• _YOUR ASSIGNMENT_: The entries below are to be written out exactly, with no images included.

-- Opening Marker --

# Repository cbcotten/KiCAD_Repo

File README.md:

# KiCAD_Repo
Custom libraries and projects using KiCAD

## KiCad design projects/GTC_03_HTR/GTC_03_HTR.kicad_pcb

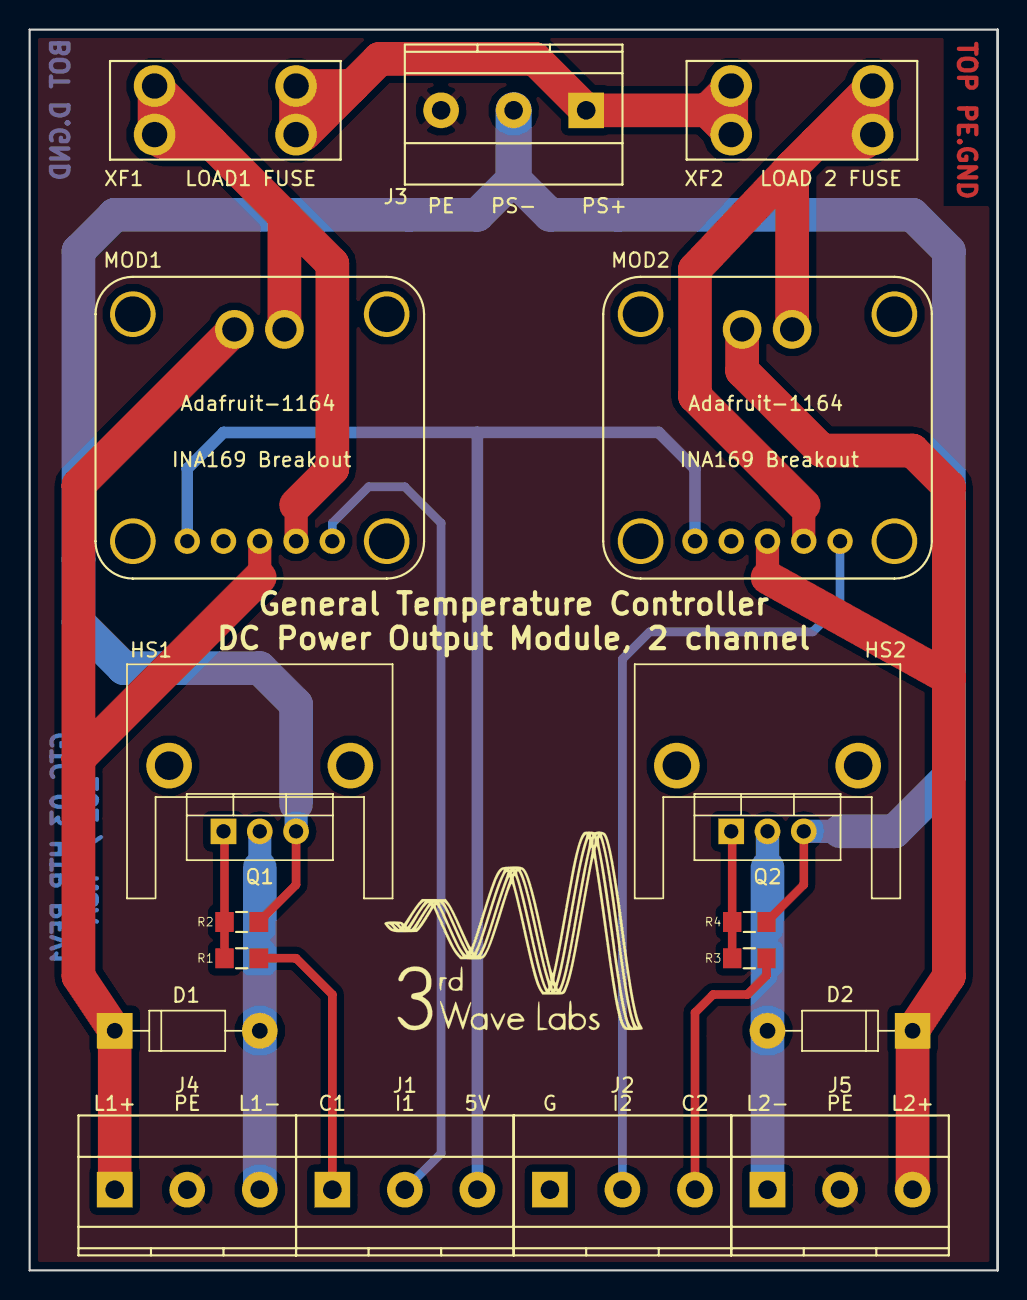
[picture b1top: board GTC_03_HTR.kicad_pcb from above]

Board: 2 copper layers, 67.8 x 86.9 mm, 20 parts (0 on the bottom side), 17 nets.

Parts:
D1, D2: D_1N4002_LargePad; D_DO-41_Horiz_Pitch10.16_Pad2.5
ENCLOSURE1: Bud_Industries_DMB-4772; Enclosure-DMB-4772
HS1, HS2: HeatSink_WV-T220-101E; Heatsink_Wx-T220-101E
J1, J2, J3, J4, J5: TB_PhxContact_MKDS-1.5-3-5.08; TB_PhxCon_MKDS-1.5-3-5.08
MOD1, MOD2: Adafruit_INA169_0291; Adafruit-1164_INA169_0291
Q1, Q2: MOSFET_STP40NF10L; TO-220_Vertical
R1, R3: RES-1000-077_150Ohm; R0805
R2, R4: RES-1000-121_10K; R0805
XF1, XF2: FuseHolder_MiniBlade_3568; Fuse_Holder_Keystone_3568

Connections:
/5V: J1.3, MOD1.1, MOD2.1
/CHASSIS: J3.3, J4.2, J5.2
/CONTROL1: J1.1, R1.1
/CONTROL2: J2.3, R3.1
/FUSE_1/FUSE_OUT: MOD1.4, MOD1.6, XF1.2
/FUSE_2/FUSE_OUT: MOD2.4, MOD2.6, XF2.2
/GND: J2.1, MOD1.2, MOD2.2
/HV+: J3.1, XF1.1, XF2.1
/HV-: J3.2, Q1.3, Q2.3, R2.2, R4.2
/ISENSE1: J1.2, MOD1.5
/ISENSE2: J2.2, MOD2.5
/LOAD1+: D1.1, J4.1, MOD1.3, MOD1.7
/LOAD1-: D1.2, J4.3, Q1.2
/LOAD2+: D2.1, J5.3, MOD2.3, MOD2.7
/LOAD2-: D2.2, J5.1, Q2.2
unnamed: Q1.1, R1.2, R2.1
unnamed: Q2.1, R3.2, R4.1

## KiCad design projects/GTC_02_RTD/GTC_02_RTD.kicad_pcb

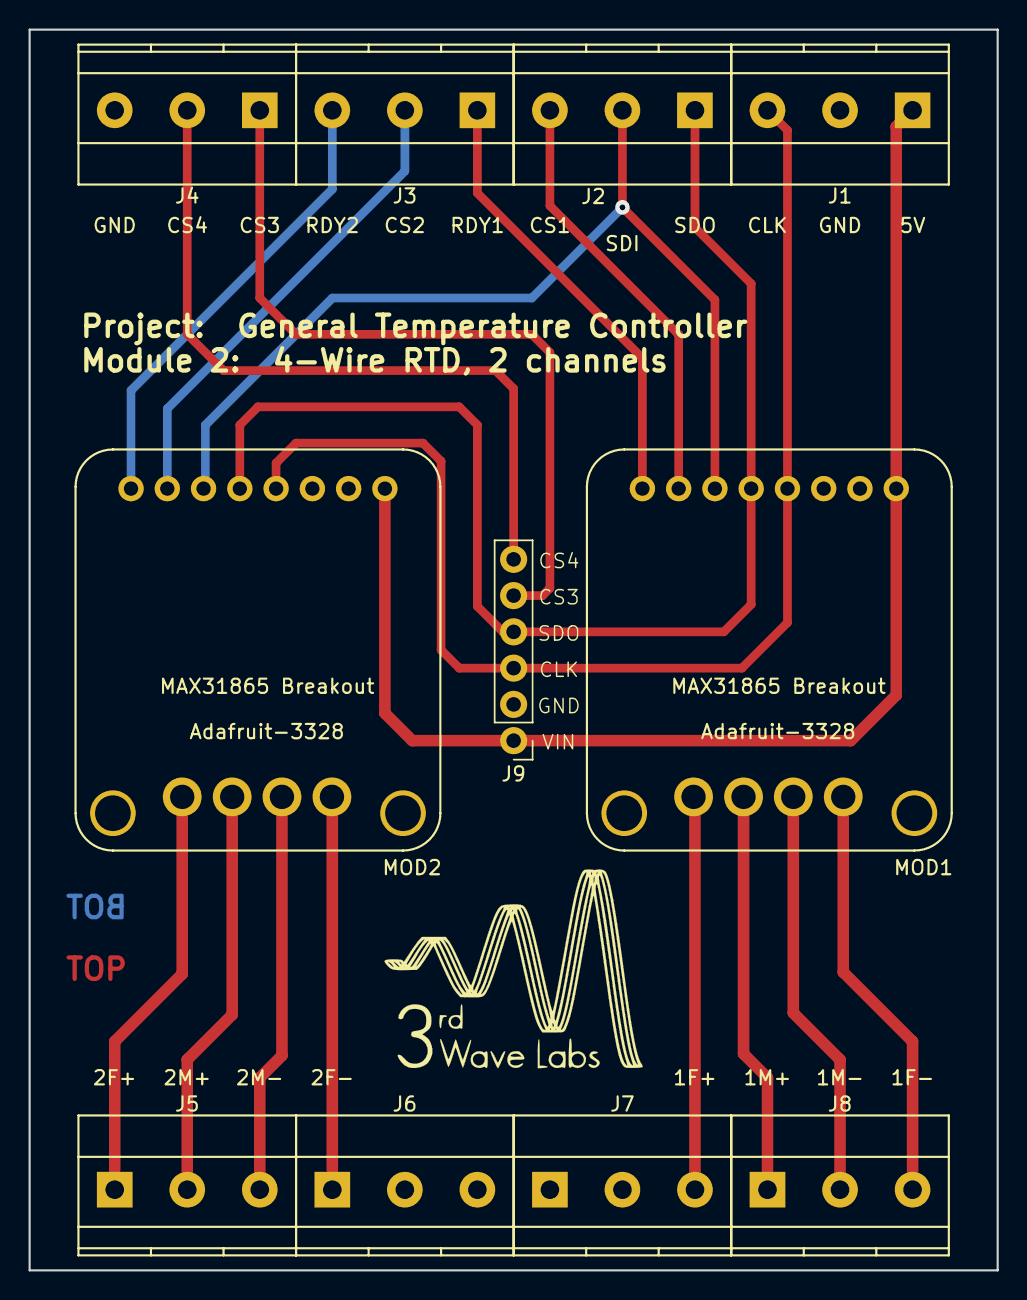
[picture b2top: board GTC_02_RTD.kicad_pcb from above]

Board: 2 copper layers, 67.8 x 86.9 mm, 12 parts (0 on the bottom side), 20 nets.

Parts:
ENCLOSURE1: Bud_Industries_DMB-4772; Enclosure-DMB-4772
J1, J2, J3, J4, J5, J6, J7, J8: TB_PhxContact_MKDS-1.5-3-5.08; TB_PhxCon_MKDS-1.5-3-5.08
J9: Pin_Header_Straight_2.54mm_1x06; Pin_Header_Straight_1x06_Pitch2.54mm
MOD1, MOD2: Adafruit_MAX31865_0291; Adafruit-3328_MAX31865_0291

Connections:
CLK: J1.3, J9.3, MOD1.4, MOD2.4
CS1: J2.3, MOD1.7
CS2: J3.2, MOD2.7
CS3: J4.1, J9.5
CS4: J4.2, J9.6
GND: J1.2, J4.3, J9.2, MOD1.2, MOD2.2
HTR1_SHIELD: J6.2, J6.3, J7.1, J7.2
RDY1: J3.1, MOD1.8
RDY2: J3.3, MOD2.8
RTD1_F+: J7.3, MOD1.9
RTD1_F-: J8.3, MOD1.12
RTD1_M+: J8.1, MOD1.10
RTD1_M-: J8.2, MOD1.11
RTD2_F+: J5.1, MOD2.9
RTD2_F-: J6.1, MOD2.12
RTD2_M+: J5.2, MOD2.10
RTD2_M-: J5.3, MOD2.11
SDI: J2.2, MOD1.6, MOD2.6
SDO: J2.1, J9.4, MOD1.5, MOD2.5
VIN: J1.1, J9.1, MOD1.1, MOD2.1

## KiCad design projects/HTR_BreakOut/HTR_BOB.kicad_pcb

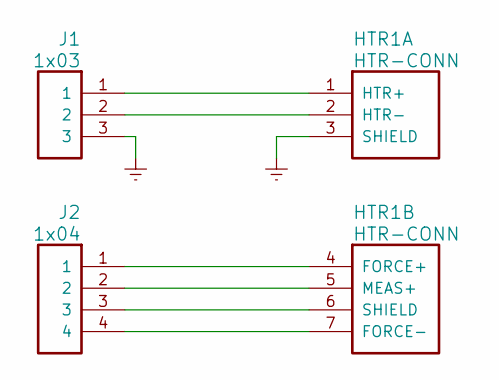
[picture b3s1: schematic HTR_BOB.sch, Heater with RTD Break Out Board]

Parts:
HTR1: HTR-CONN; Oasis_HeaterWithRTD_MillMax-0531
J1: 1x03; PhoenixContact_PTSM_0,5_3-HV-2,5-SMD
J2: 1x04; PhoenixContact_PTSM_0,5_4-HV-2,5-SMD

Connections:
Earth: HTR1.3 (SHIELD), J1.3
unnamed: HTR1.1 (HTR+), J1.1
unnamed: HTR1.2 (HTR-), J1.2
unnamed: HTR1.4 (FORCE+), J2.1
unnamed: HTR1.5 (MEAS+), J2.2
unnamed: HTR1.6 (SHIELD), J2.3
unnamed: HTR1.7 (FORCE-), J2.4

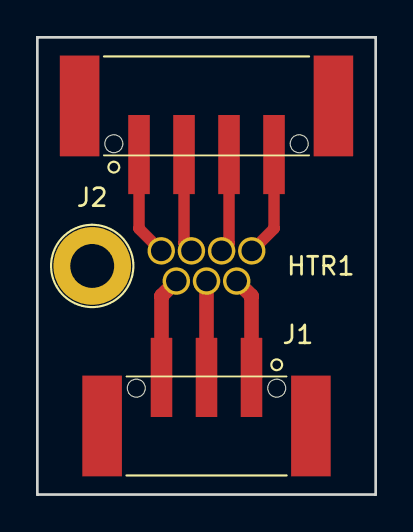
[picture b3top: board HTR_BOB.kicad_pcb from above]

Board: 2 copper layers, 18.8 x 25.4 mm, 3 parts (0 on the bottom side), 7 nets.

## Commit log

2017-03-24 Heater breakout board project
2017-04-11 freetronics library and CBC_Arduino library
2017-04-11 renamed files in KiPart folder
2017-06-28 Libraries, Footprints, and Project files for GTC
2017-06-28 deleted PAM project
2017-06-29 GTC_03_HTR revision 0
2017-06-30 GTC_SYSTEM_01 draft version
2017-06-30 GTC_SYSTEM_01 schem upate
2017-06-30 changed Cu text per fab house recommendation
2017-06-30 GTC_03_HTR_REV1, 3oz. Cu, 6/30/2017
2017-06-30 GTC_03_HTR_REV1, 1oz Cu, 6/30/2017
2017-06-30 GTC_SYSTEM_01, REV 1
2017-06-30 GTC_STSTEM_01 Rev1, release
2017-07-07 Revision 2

-- Closing Marker --

• _TASK RESPONSE_:
# Repository cbcotten/KiCAD_Repo

File README.md:

# KiCAD_Repo
Custom libraries and projects using KiCAD

## KiCad design projects/GTC_03_HTR/GTC_03_HTR.kicad_pcb

[picture b1top: board GTC_03_HTR.kicad_pcb from above]

Board: 2 copper layers, 67.8 x 86.9 mm, 20 parts (0 on the bottom side), 17 nets.

Parts:
D1, D2: D_1N4002_LargePad; D_DO-41_Horiz_Pitch10.16_Pad2.5
ENCLOSURE1: Bud_Industries_DMB-4772; Enclosure-DMB-4772
HS1, HS2: HeatSink_WV-T220-101E; Heatsink_Wx-T220-101E
J1, J2, J3, J4, J5: TB_PhxContact_MKDS-1.5-3-5.08; TB_PhxCon_MKDS-1.5-3-5.08
MOD1, MOD2: Adafruit_INA169_0291; Adafruit-1164_INA169_0291
Q1, Q2: MOSFET_STP40NF10L; TO-220_Vertical
R1, R3: RES-1000-077_150Ohm; R0805
R2, R4: RES-1000-121_10K; R0805
XF1, XF2: FuseHolder_MiniBlade_3568; Fuse_Holder_Keystone_3568

Connections:
/5V: J1.3, MOD1.1, MOD2.1
/CHASSIS: J3.3, J4.2, J5.2
/CONTROL1: J1.1, R1.1
/CONTROL2: J2.3, R3.1
/FUSE_1/FUSE_OUT: MOD1.4, MOD1.6, XF1.2
/FUSE_2/FUSE_OUT: MOD2.4, MOD2.6, XF2.2
/GND: J2.1, MOD1.2, MOD2.2
/HV+: J3.1, XF1.1, XF2.1
/HV-: J3.2, Q1.3, Q2.3, R2.2, R4.2
/ISENSE1: J1.2, MOD1.5
/ISENSE2: J2.2, MOD2.5
/LOAD1+: D1.1, J4.1, MOD1.3, MOD1.7
/LOAD1-: D1.2, J4.3, Q1.2
/LOAD2+: D2.1, J5.3, MOD2.3, MOD2.7
/LOAD2-: D2.2, J5.1, Q2.2
unnamed: Q1.1, R1.2, R2.1
unnamed: Q2.1, R3.2, R4.1

## KiCad design projects/GTC_02_RTD/GTC_02_RTD.kicad_pcb

[picture b2top: board GTC_02_RTD.kicad_pcb from above]

Board: 2 copper layers, 67.8 x 86.9 mm, 12 parts (0 on the bottom side), 20 nets.

Parts:
ENCLOSURE1: Bud_Industries_DMB-4772; Enclosure-DMB-4772
J1, J2, J3, J4, J5, J6, J7, J8: TB_PhxContact_MKDS-1.5-3-5.08; TB_PhxCon_MKDS-1.5-3-5.08
J9: Pin_Header_Straight_2.54mm_1x06; Pin_Header_Straight_1x06_Pitch2.54mm
MOD1, MOD2: Adafruit_MAX31865_0291; Adafruit-3328_MAX31865_0291

Connections:
CLK: J1.3, J9.3, MOD1.4, MOD2.4
CS1: J2.3, MOD1.7
CS2: J3.2, MOD2.7
CS3: J4.1, J9.5
CS4: J4.2, J9.6
GND: J1.2, J4.3, J9.2, MOD1.2, MOD2.2
HTR1_SHIELD: J6.2, J6.3, J7.1, J7.2
RDY1: J3.1, MOD1.8
RDY2: J3.3, MOD2.8
RTD1_F+: J7.3, MOD1.9
RTD1_F-: J8.3, MOD1.12
RTD1_M+: J8.1, MOD1.10
RTD1_M-: J8.2, MOD1.11
RTD2_F+: J5.1, MOD2.9
RTD2_F-: J6.1, MOD2.12
RTD2_M+: J5.2, MOD2.10
RTD2_M-: J5.3, MOD2.11
SDI: J2.2, MOD1.6, MOD2.6
SDO: J2.1, J9.4, MOD1.5, MOD2.5
VIN: J1.1, J9.1, MOD1.1, MOD2.1

## KiCad design projects/HTR_BreakOut/HTR_BOB.kicad_pcb

[picture b3s1: schematic HTR_BOB.sch, Heater with RTD Break Out Board]

Parts:
HTR1: HTR-CONN; Oasis_HeaterWithRTD_MillMax-0531
J1: 1x03; PhoenixContact_PTSM_0,5_3-HV-2,5-SMD
J2: 1x04; PhoenixContact_PTSM_0,5_4-HV-2,5-SMD

Connections:
Earth: HTR1.3 (SHIELD), J1.3
unnamed: HTR1.1 (HTR+), J1.1
unnamed: HTR1.2 (HTR-), J1.2
unnamed: HTR1.4 (FORCE+), J2.1
unnamed: HTR1.5 (MEAS+), J2.2
unnamed: HTR1.6 (SHIELD), J2.3
unnamed: HTR1.7 (FORCE-), J2.4

[picture b3top: board HTR_BOB.kicad_pcb from above]

Board: 2 copper layers, 18.8 x 25.4 mm, 3 parts (0 on the bottom side), 7 nets.

## Commit log

2017-03-24 Heater breakout board project
2017-04-11 freetronics library and CBC_Arduino library
2017-04-11 renamed files in KiPart folder
2017-06-28 Libraries, Footprints, and Project files for GTC
2017-06-28 deleted PAM project
2017-06-29 GTC_03_HTR revision 0
2017-06-30 GTC_SYSTEM_01 draft version
2017-06-30 GTC_SYSTEM_01 schem upate
2017-06-30 changed Cu text per fab house recommendation
2017-06-30 GTC_03_HTR_REV1, 3oz. Cu, 6/30/2017
2017-06-30 GTC_03_HTR_REV1, 1oz Cu, 6/30/2017
2017-06-30 GTC_SYSTEM_01, REV 1
2017-06-30 GTC_STSTEM_01 Rev1, release
2017-07-07 Revision 2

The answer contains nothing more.